# Cable card Error code 161-1



## Teknoboy (Oct 29, 2002)

Hi,

Been working for hours with the cable guy from cablevision to get my cable cards installed on my Series3. Slot one keeps giving error code 161-1, saying to call the cable company. Cable company doesn't know what error code 161-1 is. Slot two will configure normally. Swapped several cards and still no good. Do you think slot one is just defective?



thanks!


Mike


----------



## aztivo (Feb 23, 2005)

this is a proble with the cable card reader... at least on sony tvs this code means the reader is bad I would think all cable card devices have the same set of coding


----------



## MickeS (Dec 26, 2002)

Does it mean the reader is bad, or that the card can not be read?


----------



## skweaz (Feb 19, 2004)

I was getting this error on one of my cards (dated 2004). They swapped it out with a newer card (2005) and it's working normally now.


----------



## aztivo (Feb 23, 2005)

from what i have seen it is the reader 99% of the time


----------



## Teknoboy (Oct 29, 2002)

"from what i have seen it is the reader 99% of the time"

By 'reader' are you referring to the slot on the Tivo?


Thanks!


Mike


----------



## Gregor (Feb 18, 2002)

I got 161-1 all the time on one card, which the tech swapped out and it went away. See if the tech has a new (unused) card he can try.


----------



## erubenst28 (Jul 27, 2001)

With all due respect to the previous poster... i had the same issue and it was not the reader, it was the card. we tried a new card and it worked fine... id try a few cards in that slot before you return the unit


----------



## SCSIRAID (Feb 2, 2003)

Teknoboy said:


> "from what i have seen it is the reader 99% of the time"
> 
> By 'reader' are you referring to the slot on the Tivo?
> 
> ...


I had a 161-1 and it was a bad cablecard. Using a different card fixed it. I googled it and found a reference that said it was a problem communicating with the cablecard.


----------



## Teknoboy (Oct 29, 2002)

The cable guy tried at least 2 cards...both cards were recognized OK in slot 2 but not in slot 1. 

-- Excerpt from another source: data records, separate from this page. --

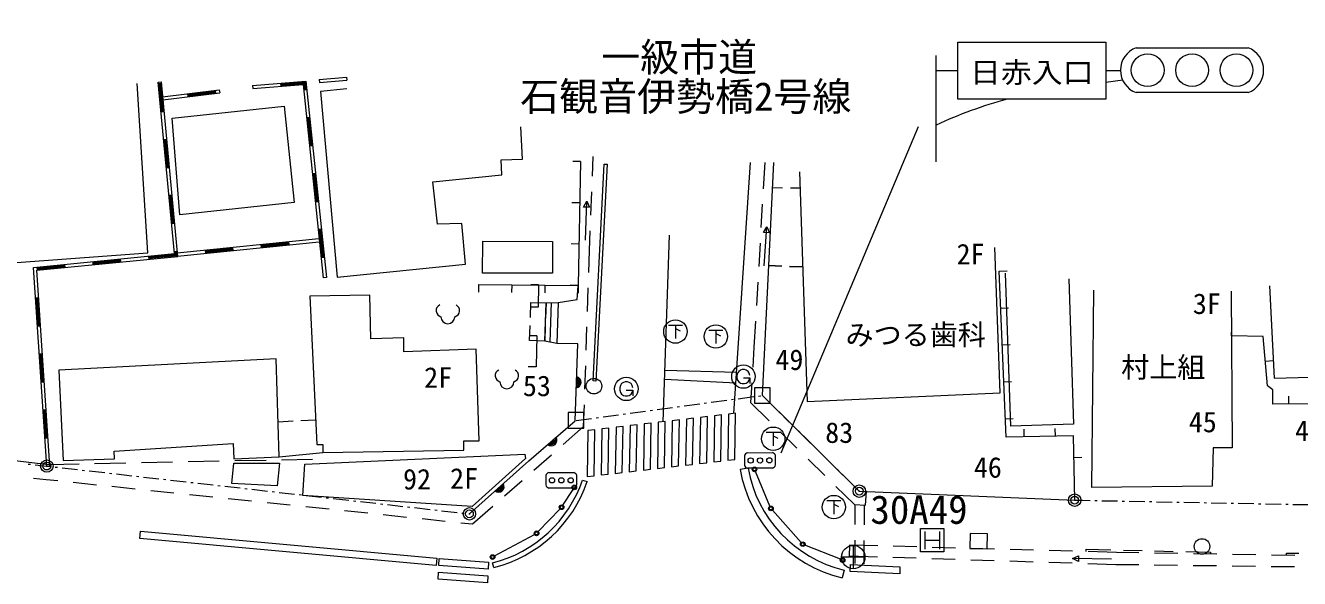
# Model space of a CAD drawing. Units: millimetres, scale not verified. Extents: x 40000 to 680000, y 20000 to 380000.
# Drawn here: x 257321 to 339047, y 269294 to 304752 of the extents above; entities that cross this region are included whole.
import ezdxf
from ezdxf.enums import TextEntityAlignment as Align

# ---------------------------------------------------------------- set-up
doc = ezdxf.new("R2010")
doc.units = ezdxf.units.MM
doc.header["$LTSCALE"] = 1000
doc.header["$PDMODE"] = 32
doc.header["$PDSIZE"] = 500
for name, color, linetype, lineweight in [('M-BGD', 7, 'Continuous', 13), ('M-BGD-EXST', 7, 'Continuous', 13), ('M-BMK-ROW', 30, 'Continuous', 13), ('M-BMK-SRVR', 3, 'Continuous', 13), ('M-STR-HTXT', 7, 'Continuous', 13), ('M-STR-STRC', 7, 'Continuous', 13)]:
    doc.layers.add(name, color=color, linetype=linetype, lineweight=lineweight)
doc.layers.add('M-BMK-HTXT', color=7, linetype='Continuous')
doc.styles.add('ＭＳ ゴシック', font='')
doc.styles.get('ＭＳ ゴシック').set_extended_font_data('MS Gothic')

msp = doc.modelspace()

# ---------------------------------------------------------------- linework, layer by layer
at = {"layer": 'M-BGD'}
for p, q in [((265842, 301120), (266041, 301138)), ((266871, 290125), (265842, 301120)), ((266051, 301031), (265852, 301012)), ((266060, 299224), (265892, 301016)), ((266100, 299227), (265932, 301019)), ((266140, 299231), (265972, 301023)), ((266179, 299235), (266012, 301027)), ((267089, 289945), (266041, 301138)), ((271882, 300903), (275310, 301183)), ((271882, 300903), (271899, 300703)), ((271899, 300703), (275131, 300968)), ((273676, 301049), (273693, 300850)), ((273680, 301009), (275274, 301140)), ((275238, 301097), (273683, 300970)), ((273686, 300930), (275203, 301054)), ((275167, 301011), (273689, 300890)), ((275131, 300968), (276425, 288567)), ((275167, 301011), (275208, 300617)), ((275248, 300621), (275203, 301054)), ((275238, 301097), (275287, 300625)), ((275327, 300629), (275274, 301140)), ((275310, 301183), (276623, 288588)), ((276166, 301290), (277911, 301436)), ((276166, 301290), (276183, 301091)), ((276183, 301091), (277927, 301237)), ((277911, 301436), (277927, 301237)), ((265932, 300161), (269753, 300633)), ((265932, 300161), (265956, 299963)), ((265956, 299963), (269778, 300434)), ((267718, 300382), (267743, 300183)), ((267723, 300342), (269510, 300562)), ((267728, 300302), (269515, 300522)), ((267733, 300262), (269520, 300483)), ((267738, 300223), (269524, 300443)), ((269529, 300403), (269505, 300602)), ((269753, 300633), (269778, 300434)), ((275367, 300634), (275168, 300613)), ((266020, 299220), (266219, 299238)), ((275554, 298843), (275355, 298822)), ((275395, 298827), (275581, 297036)), ((275434, 298831), (275621, 297040)), ((275474, 298835), (275661, 297045)), ((275514, 298839), (275701, 297049)), ((266387, 297446), (266188, 297428)), ((266395, 295639), (266228, 297431)), ((266435, 295643), (266267, 297435)), ((266475, 295647), (266307, 297439)), ((266515, 295650), (266347, 297443)), ((275542, 297032), (275740, 297053)), ((292930, 296022), (292430, 296032)), ((292930, 296022), (292770, 288091)), ((293684, 295085), (293733, 296358)), ((302751, 279871), (303820, 295973)), ((304743, 295965), (304645, 294286)), ((266356, 295635), (266555, 295654)), ((275927, 295263), (275728, 295242)), ((275768, 295246), (275955, 293456)), ((275808, 295250), (275995, 293460)), ((275848, 295254), (276034, 293464)), ((275887, 295258), (276074, 293468)), ((305250, 294355), (305886, 294353)), ((306386, 294352), (307022, 294351)), ((266722, 293862), (266523, 293843)), ((266731, 292055), (266563, 293847)), ((266771, 292059), (266603, 293851)), ((266810, 292062), (266643, 293855)), ((266850, 292066), (266683, 293858)), ((275915, 293452), (276114, 293472)), ((293123, 293113), (293321, 293482)), ((293250, 290983), (293321, 293482)), ((293321, 293482), (293498, 293102)), ((293589, 292587), (293646, 294086)), ((292876, 293378), (292376, 293388)), ((293498, 293102), (293123, 293113)), ((304587, 293287), (304499, 291790)), ((266691, 292051), (266890, 292070)), ((304669, 291477), (304883, 291837)), ((304703, 289344), (304883, 291837)), ((304883, 291837), (305043, 291450)), ((267048, 290166), (276360, 291111)), ((276301, 291682), (276102, 291661)), ((276142, 291665), (276328, 289875)), ((276181, 291670), (276368, 289879)), ((276221, 291674), (276408, 289883)), ((276261, 291678), (276448, 289888)), ((276360, 291111), (276380, 290912)), ((293503, 290315), (293551, 291587)), ((298237, 279346), (298623, 291310)), ((305043, 291450), (304669, 291477)), ((266859, 290259), (267058, 290278)), ((266899, 290263), (266915, 290089)), ((266958, 290053), (266938, 290266)), ((266978, 290270), (267002, 290017)), ((267045, 289981), (267018, 290274)), ((267048, 290166), (267068, 289967)), ((267068, 289967), (276380, 290912)), ((268839, 290348), (268859, 290149)), ((268843, 290308), (270633, 290490)), ((268847, 290268), (270638, 290450)), ((268851, 290229), (270642, 290410)), ((268855, 290189), (270646, 290370)), ((270650, 290331), (270629, 290530)), ((272420, 290711), (272440, 290512)), ((272424, 290671), (274215, 290853)), ((272428, 290632), (274219, 290813)), ((272432, 290592), (274223, 290774)), ((272436, 290552), (274227, 290734)), ((274231, 290694), (274211, 290893)), ((292823, 290735), (292323, 290745)), ((293457, 288922), (293503, 290315)), ((304441, 290792), (304353, 289294)), ((257828, 289240), (266871, 290125)), ((258041, 289060), (267089, 289945)), ((258052, 289222), (259844, 289397)), ((258056, 289182), (259848, 289357)), ((258060, 289142), (259852, 289317)), ((259859, 289238), (259840, 289437)), ((261631, 289612), (261651, 289413)), ((261635, 289572), (263427, 289747)), ((261639, 289532), (263431, 289708)), ((261643, 289493), (263434, 289668)), ((261647, 289453), (263438, 289628)), ((263442, 289588), (263423, 289787)), ((265214, 289962), (265234, 289763)), ((265218, 289923), (266915, 290089)), ((266958, 290053), (265222, 289883)), ((265226, 289843), (267002, 290017)), ((267045, 289981), (265230, 289803)), ((276289, 289871), (276487, 289892)), ((304990, 289356), (305841, 289323)), ((305834, 289323), (304990, 289356)), ((258689, 276502), (257828, 289240)), ((258888, 276516), (258041, 289060)), ((258048, 289262), (258068, 289062)), ((258064, 289102), (259855, 289278)), ((276623, 288588), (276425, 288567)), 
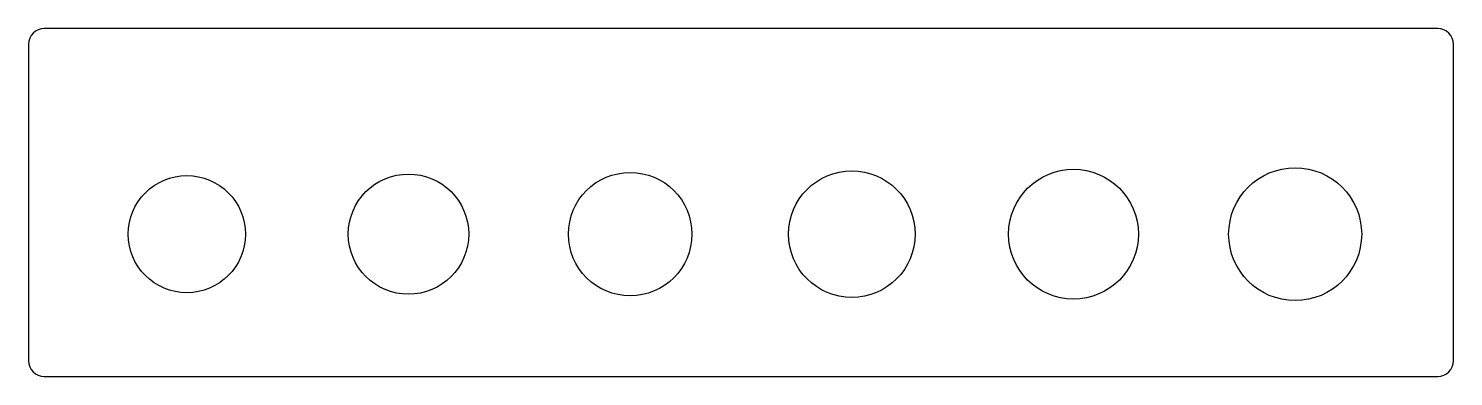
# Model space of a CAD drawing. Header units: millimetres. Extents: x -45 to 45, y -11 to 11.
import ezdxf

# ---------------------------------------------------------------- set-up
doc = ezdxf.new("R2010")
doc.units = ezdxf.units.MM
doc.layers.add('insert_test_outline', color=7, linetype='Continuous')

msp = doc.modelspace()

# ---------------------------------------------------------------- linework, layer by layer
at = {"layer": 'insert_test_outline'}
for p, q in [((44, 11), (-44, 11)), ((-45, 10), (-45, -10)), ((45, -10), (45, 10)), ((-44, -11), (44, -11))]:
    msp.add_line(p, q, dxfattribs=at)
for centre, radius in [((-7, -2), 3.9), ((7, -2), 4), ((21, -2), 4.1), ((35, -2), 4.2), ((-35, -2), 3.7), ((-21, -2), 3.8)]:
    msp.add_circle(centre, radius, dxfattribs=at)
for centre, start, end in [((-44, 10), 90, 180), ((44, 10), 0, 90), ((-44, -10), 180, 270), ((44, -10), 270, 360)]:
    msp.add_arc(centre, 1, start, end, dxfattribs=at)

doc.saveas('drawing.dxf')

They are coming back Wednesday to try again. I re-booted the Tivo when they were here but didn't do an actual reset, which I will try when they get here. 

Something else that may have affected the installation is that the installer tried to configure Slot 2 FIRST. I let him know that Slot 1 should be configured first so he stopped and went to Slot 1. (trying at least 2 cards)


Mike


----------



## mishafp (Nov 8, 2006)

BUMP- i am getting this error. has anyone else gotten it. Has anyone had to return their TIVO becuase of this?


----------



## mcukier (Mar 22, 2002)

SCSIRAID said:


> I had a 161-1 and it was a bad cablecard. Using a different card fixed it. I googled it and found a reference that said it was a problem communicating with the cablecard.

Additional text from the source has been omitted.